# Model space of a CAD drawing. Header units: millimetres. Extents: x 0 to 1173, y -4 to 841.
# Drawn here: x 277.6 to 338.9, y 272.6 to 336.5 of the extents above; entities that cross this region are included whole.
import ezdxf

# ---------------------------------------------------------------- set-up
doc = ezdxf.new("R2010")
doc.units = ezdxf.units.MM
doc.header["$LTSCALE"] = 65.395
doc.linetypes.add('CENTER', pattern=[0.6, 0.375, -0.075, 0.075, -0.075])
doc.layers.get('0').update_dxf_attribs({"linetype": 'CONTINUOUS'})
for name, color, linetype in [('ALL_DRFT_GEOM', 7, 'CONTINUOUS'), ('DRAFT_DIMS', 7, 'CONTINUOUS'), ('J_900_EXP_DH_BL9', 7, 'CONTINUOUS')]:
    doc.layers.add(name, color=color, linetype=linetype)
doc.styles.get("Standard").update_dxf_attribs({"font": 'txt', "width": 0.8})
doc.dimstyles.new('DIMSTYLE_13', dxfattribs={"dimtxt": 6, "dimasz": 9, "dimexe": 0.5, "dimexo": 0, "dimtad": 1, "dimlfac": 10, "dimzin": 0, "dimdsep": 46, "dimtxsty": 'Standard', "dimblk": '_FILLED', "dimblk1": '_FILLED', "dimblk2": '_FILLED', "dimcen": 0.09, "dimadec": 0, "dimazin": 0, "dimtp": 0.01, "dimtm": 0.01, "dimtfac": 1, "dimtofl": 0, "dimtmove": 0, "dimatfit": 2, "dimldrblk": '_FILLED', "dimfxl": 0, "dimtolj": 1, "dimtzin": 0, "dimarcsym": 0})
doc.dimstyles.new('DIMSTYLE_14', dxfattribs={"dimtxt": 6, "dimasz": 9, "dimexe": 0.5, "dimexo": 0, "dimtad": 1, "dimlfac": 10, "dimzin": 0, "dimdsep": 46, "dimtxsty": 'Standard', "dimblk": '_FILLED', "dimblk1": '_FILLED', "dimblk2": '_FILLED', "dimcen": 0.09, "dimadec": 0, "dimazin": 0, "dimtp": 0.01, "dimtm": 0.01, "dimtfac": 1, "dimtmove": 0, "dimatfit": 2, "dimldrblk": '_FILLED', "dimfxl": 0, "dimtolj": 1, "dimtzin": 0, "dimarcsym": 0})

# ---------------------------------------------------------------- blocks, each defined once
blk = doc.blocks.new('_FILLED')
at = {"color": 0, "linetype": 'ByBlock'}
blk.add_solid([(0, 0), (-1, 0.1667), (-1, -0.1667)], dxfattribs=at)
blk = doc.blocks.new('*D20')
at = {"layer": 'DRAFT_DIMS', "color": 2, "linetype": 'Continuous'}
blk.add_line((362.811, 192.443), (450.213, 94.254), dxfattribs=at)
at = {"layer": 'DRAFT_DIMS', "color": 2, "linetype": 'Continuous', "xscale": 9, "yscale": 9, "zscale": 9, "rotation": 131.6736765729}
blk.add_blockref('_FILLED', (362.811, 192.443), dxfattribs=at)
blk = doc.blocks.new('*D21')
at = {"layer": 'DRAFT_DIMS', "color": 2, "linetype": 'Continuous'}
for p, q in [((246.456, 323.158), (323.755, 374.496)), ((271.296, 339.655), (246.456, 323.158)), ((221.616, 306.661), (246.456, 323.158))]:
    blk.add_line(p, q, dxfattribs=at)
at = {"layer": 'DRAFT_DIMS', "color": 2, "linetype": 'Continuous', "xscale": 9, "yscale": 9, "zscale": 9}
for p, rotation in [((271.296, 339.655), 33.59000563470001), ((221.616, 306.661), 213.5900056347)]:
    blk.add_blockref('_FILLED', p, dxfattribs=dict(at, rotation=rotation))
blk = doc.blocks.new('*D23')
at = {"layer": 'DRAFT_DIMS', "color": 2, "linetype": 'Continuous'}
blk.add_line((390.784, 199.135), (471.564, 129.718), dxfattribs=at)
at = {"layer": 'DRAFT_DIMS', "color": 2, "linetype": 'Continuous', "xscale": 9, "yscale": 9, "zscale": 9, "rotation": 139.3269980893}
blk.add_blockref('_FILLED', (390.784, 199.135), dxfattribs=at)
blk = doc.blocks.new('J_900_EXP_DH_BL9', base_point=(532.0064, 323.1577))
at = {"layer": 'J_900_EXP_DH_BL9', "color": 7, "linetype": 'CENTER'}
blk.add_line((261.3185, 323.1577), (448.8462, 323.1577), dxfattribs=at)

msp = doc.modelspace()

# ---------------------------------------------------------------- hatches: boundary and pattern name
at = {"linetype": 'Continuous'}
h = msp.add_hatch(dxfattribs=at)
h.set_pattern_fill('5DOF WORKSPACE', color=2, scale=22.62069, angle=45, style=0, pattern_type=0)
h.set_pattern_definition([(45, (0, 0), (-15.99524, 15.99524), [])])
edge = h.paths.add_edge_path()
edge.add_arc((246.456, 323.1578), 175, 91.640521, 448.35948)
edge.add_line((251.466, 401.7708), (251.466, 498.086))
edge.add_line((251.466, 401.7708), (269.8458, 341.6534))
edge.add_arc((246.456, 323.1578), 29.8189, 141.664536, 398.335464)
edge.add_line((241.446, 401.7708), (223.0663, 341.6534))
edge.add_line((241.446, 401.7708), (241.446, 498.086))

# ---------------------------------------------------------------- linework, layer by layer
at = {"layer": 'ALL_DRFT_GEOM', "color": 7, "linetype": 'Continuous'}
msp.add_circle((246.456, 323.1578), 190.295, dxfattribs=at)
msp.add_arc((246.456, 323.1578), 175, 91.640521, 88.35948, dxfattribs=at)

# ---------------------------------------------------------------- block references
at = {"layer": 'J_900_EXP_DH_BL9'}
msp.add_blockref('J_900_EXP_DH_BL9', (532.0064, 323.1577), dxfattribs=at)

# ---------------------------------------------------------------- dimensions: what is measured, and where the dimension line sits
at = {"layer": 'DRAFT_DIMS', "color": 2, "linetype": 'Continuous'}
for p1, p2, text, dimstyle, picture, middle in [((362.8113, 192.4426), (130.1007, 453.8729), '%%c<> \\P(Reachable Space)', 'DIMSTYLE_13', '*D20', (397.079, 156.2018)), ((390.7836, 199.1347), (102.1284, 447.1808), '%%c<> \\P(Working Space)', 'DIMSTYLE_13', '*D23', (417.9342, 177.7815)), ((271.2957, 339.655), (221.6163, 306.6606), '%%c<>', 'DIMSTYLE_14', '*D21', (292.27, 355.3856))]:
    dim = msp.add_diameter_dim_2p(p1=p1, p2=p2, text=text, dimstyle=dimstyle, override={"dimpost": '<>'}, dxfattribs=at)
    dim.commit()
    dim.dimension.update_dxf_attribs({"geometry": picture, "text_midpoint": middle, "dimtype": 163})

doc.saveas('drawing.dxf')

_How to complete this task_
The entries shown above should be copied out word for word.

_Solution to this task_
# Model space of a CAD drawing. Header units: millimetres. Extents: x 0 to 1173, y -4 to 841.
# Drawn here: x 277.6 to 338.9, y 272.6 to 336.5 of the extents above; entities that cross this region are included whole.
import ezdxf

# ---------------------------------------------------------------- set-up
doc = ezdxf.new("R2010")
doc.units = ezdxf.units.MM
doc.header["$LTSCALE"] = 65.395
doc.linetypes.add('CENTER', pattern=[0.6, 0.375, -0.075, 0.075, -0.075])
doc.layers.get('0').update_dxf_attribs({"linetype": 'CONTINUOUS'})
for name, color, linetype in [('ALL_DRFT_GEOM', 7, 'CONTINUOUS'), ('DRAFT_DIMS', 7, 'CONTINUOUS'), ('J_900_EXP_DH_BL9', 7, 'CONTINUOUS')]:
    doc.layers.add(name, color=color, linetype=linetype)
doc.styles.get("Standard").update_dxf_attribs({"font": 'txt', "width": 0.8})
doc.dimstyles.new('DIMSTYLE_13', dxfattribs={"dimtxt": 6, "dimasz": 9, "dimexe": 0.5, "dimexo": 0, "dimtad": 1, "dimlfac": 10, "dimzin": 0, "dimdsep": 46, "dimtxsty": 'Standard', "dimblk": '_FILLED', "dimblk1": '_FILLED', "dimblk2": '_FILLED', "dimcen": 0.09, "dimadec": 0, "dimazin": 0, "dimtp": 0.01, "dimtm": 0.01, "dimtfac": 1, "dimtofl": 0, "dimtmove": 0, "dimatfit": 2, "dimldrblk": '_FILLED', "dimfxl": 0, "dimtolj": 1, "dimtzin": 0, "dimarcsym": 0})
doc.dimstyles.new('DIMSTYLE_14', dxfattribs={"dimtxt": 6, "dimasz": 9, "dimexe": 0.5, "dimexo": 0, "dimtad": 1, "dimlfac": 10, "dimzin": 0, "dimdsep": 46, "dimtxsty": 'Standard', "dimblk": '_FILLED', "dimblk1": '_FILLED', "dimblk2": '_FILLED', "dimcen": 0.09, "dimadec": 0, "dimazin": 0, "dimtp": 0.01, "dimtm": 0.01, "dimtfac": 1, "dimtmove": 0, "dimatfit": 2, "dimldrblk": '_FILLED', "dimfxl": 0, "dimtolj": 1, "dimtzin": 0, "dimarcsym": 0})

# ---------------------------------------------------------------- blocks, each defined once
blk = doc.blocks.new('_FILLED')
at = {"color": 0, "linetype": 'ByBlock'}
blk.add_solid([(0, 0), (-1, 0.1667), (-1, -0.1667)], dxfattribs=at)
blk = doc.blocks.new('*D20')
at = {"layer": 'DRAFT_DIMS', "color": 2, "linetype": 'Continuous'}
blk.add_line((362.811, 192.443), (450.213, 94.254), dxfattribs=at)
at = {"layer": 'DRAFT_DIMS', "color": 2, "linetype": 'Continuous', "xscale": 9, "yscale": 9, "zscale": 9, "rotation": 131.6736765729}
blk.add_blockref('_FILLED', (362.811, 192.443), dxfattribs=at)
blk = doc.blocks.new('*D21')
at = {"layer": 'DRAFT_DIMS', "color": 2, "linetype": 'Continuous'}
for p, q in [((246.456, 323.158), (323.755, 374.496)), ((271.296, 339.655), (246.456, 323.158)), ((221.616, 306.661), (246.456, 323.158))]:
    blk.add_line(p, q, dxfattribs=at)
at = {"layer": 'DRAFT_DIMS', "color": 2, "linetype": 'Continuous', "xscale": 9, "yscale": 9, "zscale": 9}
for p, rotation in [((271.296, 339.655), 33.59000563470001), ((221.616, 306.661), 213.5900056347)]:
    blk.add_blockref('_FILLED', p, dxfattribs=dict(at, rotation=rotation))
blk = doc.blocks.new('*D23')
at = {"layer": 'DRAFT_DIMS', "color": 2, "linetype": 'Continuous'}
blk.add_line((390.784, 199.135), (471.564, 129.718), dxfattribs=at)
at = {"layer": 'DRAFT_DIMS', "color": 2, "linetype": 'Continuous', "xscale": 9, "yscale": 9, "zscale": 9, "rotation": 139.3269980893}
blk.add_blockref('_FILLED', (390.784, 199.135), dxfattribs=at)
blk = doc.blocks.new('J_900_EXP_DH_BL9', base_point=(532.0064, 323.1577))
at = {"layer": 'J_900_EXP_DH_BL9', "color": 7, "linetype": 'CENTER'}
blk.add_line((261.3185, 323.1577), (448.8462, 323.1577), dxfattribs=at)

msp = doc.modelspace()

# ---------------------------------------------------------------- hatches: boundary and pattern name
at = {"linetype": 'Continuous'}
h = msp.add_hatch(dxfattribs=at)
h.set_pattern_fill('5DOF WORKSPACE', color=2, scale=22.62069, angle=45, style=0, pattern_type=0)
h.set_pattern_definition([(45, (0, 0), (-15.99524, 15.99524), [])])
edge = h.paths.add_edge_path()
edge.add_arc((246.456, 323.1578), 175, 91.640521, 448.35948)
edge.add_line((251.466, 401.7708), (251.466, 498.086))
edge.add_line((251.466, 401.7708), (269.8458, 341.6534))
edge.add_arc((246.456, 323.1578), 29.8189, 141.664536, 398.335464)
edge.add_line((241.446, 401.7708), (223.0663, 341.6534))
edge.add_line((241.446, 401.7708), (241.446, 498.086))

# ---------------------------------------------------------------- linework, layer by layer
at = {"layer": 'ALL_DRFT_GEOM', "color": 7, "linetype": 'Continuous'}
msp.add_circle((246.456, 323.1578), 190.295, dxfattribs=at)
msp.add_arc((246.456, 323.1578), 175, 91.640521, 88.35948, dxfattribs=at)

# ---------------------------------------------------------------- block references
at = {"layer": 'J_900_EXP_DH_BL9'}
msp.add_blockref('J_900_EXP_DH_BL9', (532.0064, 323.1577), dxfattribs=at)

# ---------------------------------------------------------------- dimensions: what is measured, and where the dimension line sits
at = {"layer": 'DRAFT_DIMS', "color": 2, "linetype": 'Continuous'}
for p1, p2, text, dimstyle, picture, middle in [((362.8113, 192.4426), (130.1007, 453.8729), '%%c<> \\P(Reachable Space)', 'DIMSTYLE_13', '*D20', (397.079, 156.2018)), ((390.7836, 199.1347), (102.1284, 447.1808), '%%c<> \\P(Working Space)', 'DIMSTYLE_13', '*D23', (417.9342, 177.7815)), ((271.2957, 339.655), (221.6163, 306.6606), '%%c<>', 'DIMSTYLE_14', '*D21', (292.27, 355.3856))]:
    dim = msp.add_diameter_dim_2p(p1=p1, p2=p2, text=text, dimstyle=dimstyle, override={"dimpost": '<>'}, dxfattribs=at)
    dim.commit()
    dim.dimension.update_dxf_attribs({"geometry": picture, "text_midpoint": middle, "dimtype": 163})

doc.saveas('drawing.dxf')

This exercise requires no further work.